# PC probleme und WoW



## WingsofAngel (16. August 2008)

Hallo,

bevor hier das gemeckere los geht (wie sooft beobachtet), stelle ich mich trotzdem den Forenusern und hoffe auf anständige Hilfe! Ich habe seit ein paar Tagen ein Problem, mein Laptop fährt ständig nach einigen Minuten WoW spielen runter! Habe schon die Repair-Exe durchlaufen lassen, Graka und Chipsatz-Treiber upgedatet bis hin zum BIOS update! Hab im Forum und Google versucht mich schlau zu machen, aber leider ohne Erfolg. Es läuft bei mir Win XP SP3 und bis vor ein paar Tagen hatte ich auch nie Probleme. Virenscanner hat auch schon erfolglos meinen Lapi durchstöbert und irgendwelche anderen Fremdsoftware kann ich auch ausschliessen. Nun frage ich ma in die Runde rein ob dies Problem vielleicht jemanden bekannt ist und mir weiter helfen kann.


----------



## smokrr (16. August 2008)

Das hört sich für mich eher an, das sich dein Laptop bzw CPU überhitzt und es nicht an WOW selbst liegt.


----------



## WingsofAngel (16. August 2008)

Problem erscheint aber nur bei WoW, habe ihn ma voll belastet über NAcht laufen lassen und am Morgen grinste er mich noch im On-Modus an


----------



## PWND! (16. August 2008)

ich denk ma (weiss nich obs das bei nem laptop in der form wie am PC gibt) dass das netzteil kaputt is....also ich hatte das auch aber am pc und dann netzteil ausgetauscht und es ging =/


----------



## WingsofAngel (16. August 2008)

PWND! schrieb:


> ich denk ma (weiss nich obs das bei nem laptop in der form wie am PC gibt) dass das netzteil kaputt is....also ich hatte das auch aber am pc und dann netzteil ausgetauscht und es ging =/



Wenn netzteil defekt, müsste er auch im Offline-Spiele-Modus ausschalten (geh ich am davon aus), da es aber nur im Spiel passiert.... 

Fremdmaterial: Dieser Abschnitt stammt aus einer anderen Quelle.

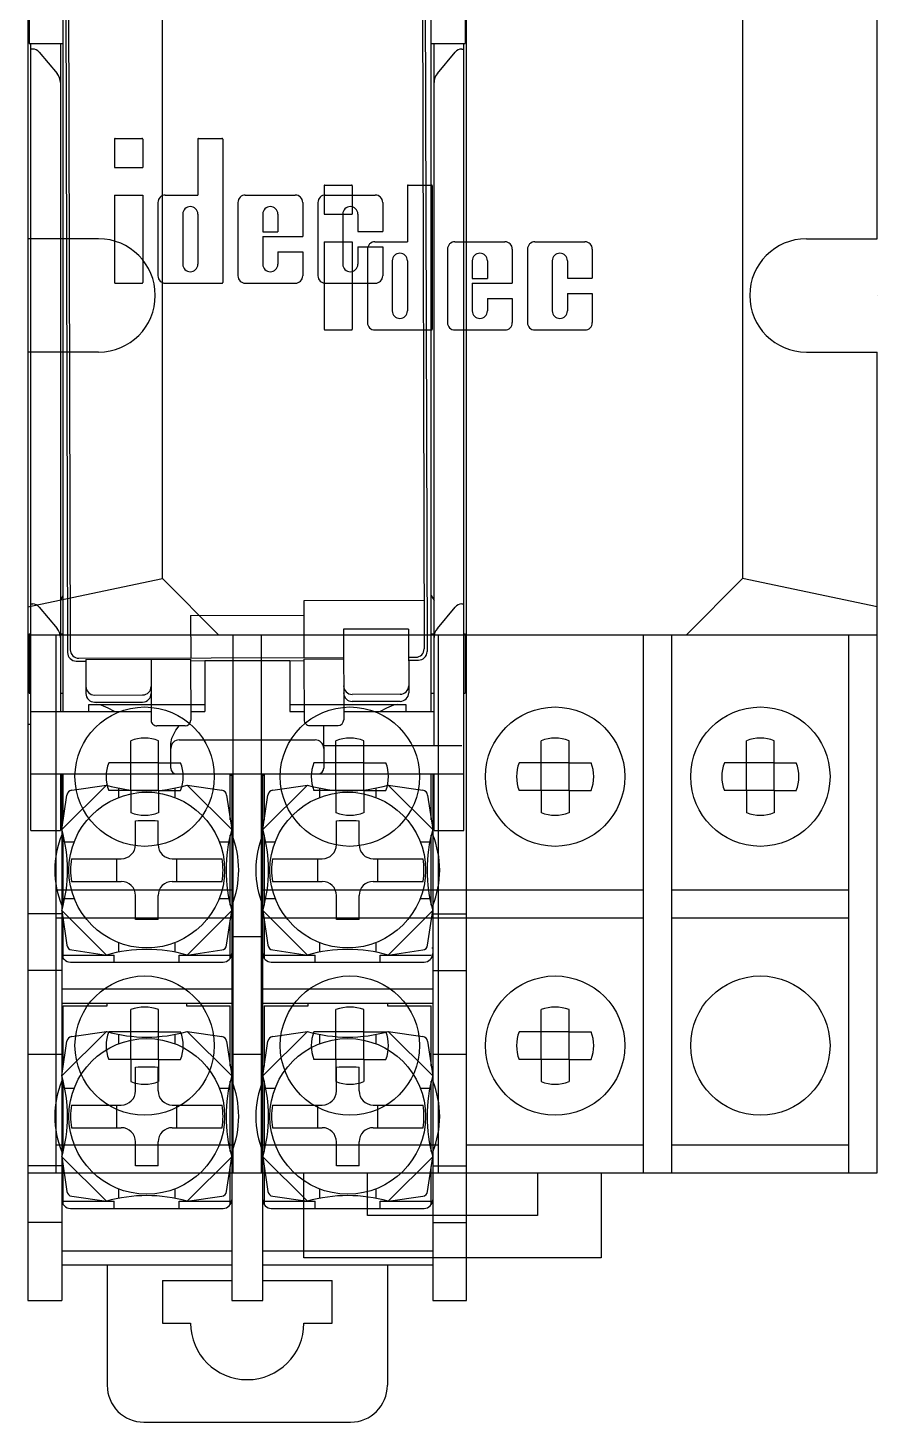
# Model space of a CAD drawing. Header units: millimetres. Extents: x -208796 to -83323, y 30910 to 103951.
# Drawn here: x -100320.46 to -100290.46, y 36268.22 to 36317.47 of the extents above; entities that cross this region are included whole.
import ezdxf

# ---------------------------------------------------------------- set-up
doc = ezdxf.new("R2010")
doc.units = ezdxf.units.MM
doc.header["$LTSCALE"] = 3
doc.linetypes.add('SOLID', pattern=[0])
doc.layers.add('Layer1', color=7, linetype='Continuous', lineweight=30)
doc.layers.add('LAYER1$C$L1', color=3, linetype='SOLID')

# ---------------------------------------------------------------- blocks, each defined once
blk = doc.blocks.new('*U104')
for p, q in [((-8432.186, 41734.298), (-8434.686, 41734.298)), ((-8407.186, 41734.298), (-8404.686, 41734.298)), ((-8434.686, 41732.298), (-8434.686, 41732.298)), ((-8404.686, 41732.298), (-8404.686, 41732.298)), ((-8432.186, 41730.298), (-8434.686, 41730.298)), ((-8407.186, 41730.298), (-8404.686, 41730.298)), ((-8404.686, 41720.298), (-8434.686, 41720.298)), ((-8433.686, 41701.298), (-8433.686, 41720.298)), ((-8427.436, 41701.298), (-8427.436, 41720.298)), ((-8426.436, 41701.298), (-8426.436, 41720.298)), ((-8420.186, 41701.298), (-8420.186, 41720.298)), ((-8419.186, 41701.298), (-8419.186, 41720.298)), ((-8412.936, 41701.298), (-8412.936, 41720.298)), ((-8411.936, 41701.298), (-8411.936, 41720.298)), ((-8405.686, 41701.298), (-8405.686, 41720.298)), ((-8427.436, 41710.298), (-8433.686, 41710.298)), ((-8412.936, 41710.298), (-8426.436, 41710.298)), ((-8420.186, 41701.298), (-8420.186, 41710.298)), ((-8419.186, 41701.298), (-8419.186, 41710.298)), ((-8405.686, 41710.298), (-8411.936, 41710.298))]:
    blk.add_line(p, q)
at = {"color": 4}
for p, q in [((-8434.686, 41721.298), (-8429.936, 41722.298)), ((-8404.686, 41721.298), (-8409.436, 41722.298))]:
    blk.add_line(p, q, dxfattribs=at)
at = {"color": 251, "linetype": 'Continuous'}
for p, q in [((-8431.053, 41715.79), (-8431.053, 41716.569)), ((-8430.069, 41715.79), (-8430.069, 41716.569)), ((-8423.803, 41715.79), (-8423.803, 41716.569)), ((-8422.819, 41715.79), (-8422.819, 41716.569)), ((-8416.553, 41715.79), (-8416.553, 41716.569)), ((-8415.569, 41715.79), (-8415.569, 41716.569)), ((-8409.303, 41715.79), (-8409.303, 41716.569)), ((-8408.319, 41715.79), (-8408.319, 41716.569)), ((-8431.053, 41715.79), (-8431.832, 41715.79)), ((-8431.053, 41714.805), (-8431.053, 41715.79)), ((-8430.069, 41715.79), (-8431.053, 41715.79)), ((-8430.069, 41715.79), (-8429.289, 41715.79)), ((-8430.069, 41714.805), (-8430.069, 41715.79)), ((-8423.803, 41715.79), (-8424.582, 41715.79)), ((-8422.819, 41715.79), (-8423.803, 41715.79)), ((-8423.803, 41714.805), (-8423.803, 41715.79)), ((-8422.819, 41715.79), (-8422.039, 41715.79)), ((-8422.819, 41714.805), (-8422.819, 41715.79)), ((-8416.553, 41715.79), (-8417.332, 41715.79)), ((-8415.569, 41715.79), (-8416.553, 41715.79)), ((-8416.553, 41714.805), (-8416.553, 41715.79)), ((-8415.569, 41715.79), (-8414.789, 41715.79)), ((-8415.569, 41714.805), (-8415.569, 41715.79)), ((-8409.303, 41715.79), (-8410.082, 41715.79)), ((-8409.303, 41714.805), (-8409.303, 41715.79)), ((-8408.319, 41715.79), (-8409.303, 41715.79)), ((-8408.319, 41715.79), (-8407.539, 41715.79)), ((-8408.319, 41714.805), (-8408.319, 41715.79)), ((-8431.053, 41714.805), (-8431.832, 41714.805)), ((-8431.053, 41714.805), (-8431.053, 41714.026)), ((-8430.069, 41714.805), (-8431.053, 41714.805)), ((-8430.069, 41714.805), (-8430.069, 41714.026)), ((-8430.069, 41714.805), (-8429.289, 41714.805)), ((-8423.803, 41714.805), (-8424.582, 41714.805)), ((-8423.803, 41714.805), (-8423.803, 41714.026)), ((-8422.819, 41714.805), (-8423.803, 41714.805)), ((-8422.819, 41714.805), (-8422.819, 41714.026)), ((-8422.819, 41714.805), (-8422.039, 41714.805)), ((-8416.553, 41714.805), (-8417.332, 41714.805)), ((-8416.553, 41714.805), (-8416.553, 41714.026)), ((-8415.569, 41714.805), (-8416.553, 41714.805)), ((-8415.569, 41714.805), (-8415.569, 41714.026)), ((-8415.569, 41714.805), (-8414.789, 41714.805)), ((-8409.303, 41714.805), (-8410.082, 41714.805)), ((-8409.303, 41714.805), (-8409.303, 41714.026)), ((-8408.319, 41714.805), (-8409.303, 41714.805)), ((-8408.319, 41714.805), (-8408.319, 41714.026)), ((-8408.319, 41714.805), (-8407.539, 41714.805)), ((-8431.053, 41706.29), (-8431.053, 41707.069)), ((-8430.069, 41706.29), (-8430.069, 41707.069)), ((-8423.803, 41706.29), (-8423.803, 41707.069)), ((-8422.819, 41706.29), (-8422.819, 41707.069)), ((-8416.553, 41706.29), (-8416.553, 41707.069)), ((-8415.569, 41706.29), (-8415.569, 41707.069)), ((-8431.053, 41706.29), (-8431.832, 41706.29)), ((-8431.053, 41705.305), (-8431.053, 41706.29)), ((-8430.069, 41706.29), (-8431.053, 41706.29)), ((-8430.069, 41706.29), (-8429.289, 41706.29)), ((-8430.069, 41705.305), (-8430.069, 41706.29)), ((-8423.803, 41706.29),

			Dieser Inhalt steht nur eingeloggten Mitgliedern zur Verfügung.


----------



## Animalm4st3r (16. August 2008)

WingsofAngel schrieb:


> Wenn netzteil defekt, müsste er auch im Offline-Spiele-Modus ausschalten (geh ich am davon aus), da es aber nur im Spiel passiert....
> 
> 
> Dieser Inhalt steht nur eingeloggten Mitgliedern zur Verfügung.



Nicht unbedingt, es kommt auf die belastung des Defekten Netzteils an. Und "Volllast" ist Relativ je nachdem was für nen laptop du hat.


----------



## lord just (16. August 2008)

definiere mal bitte "volllast". was hast du gemacht, damit dein laptop voll ausgelastet ist? prime für cpu und vielleicht später dann noch 3dmark oder sowas für die grafikkarte?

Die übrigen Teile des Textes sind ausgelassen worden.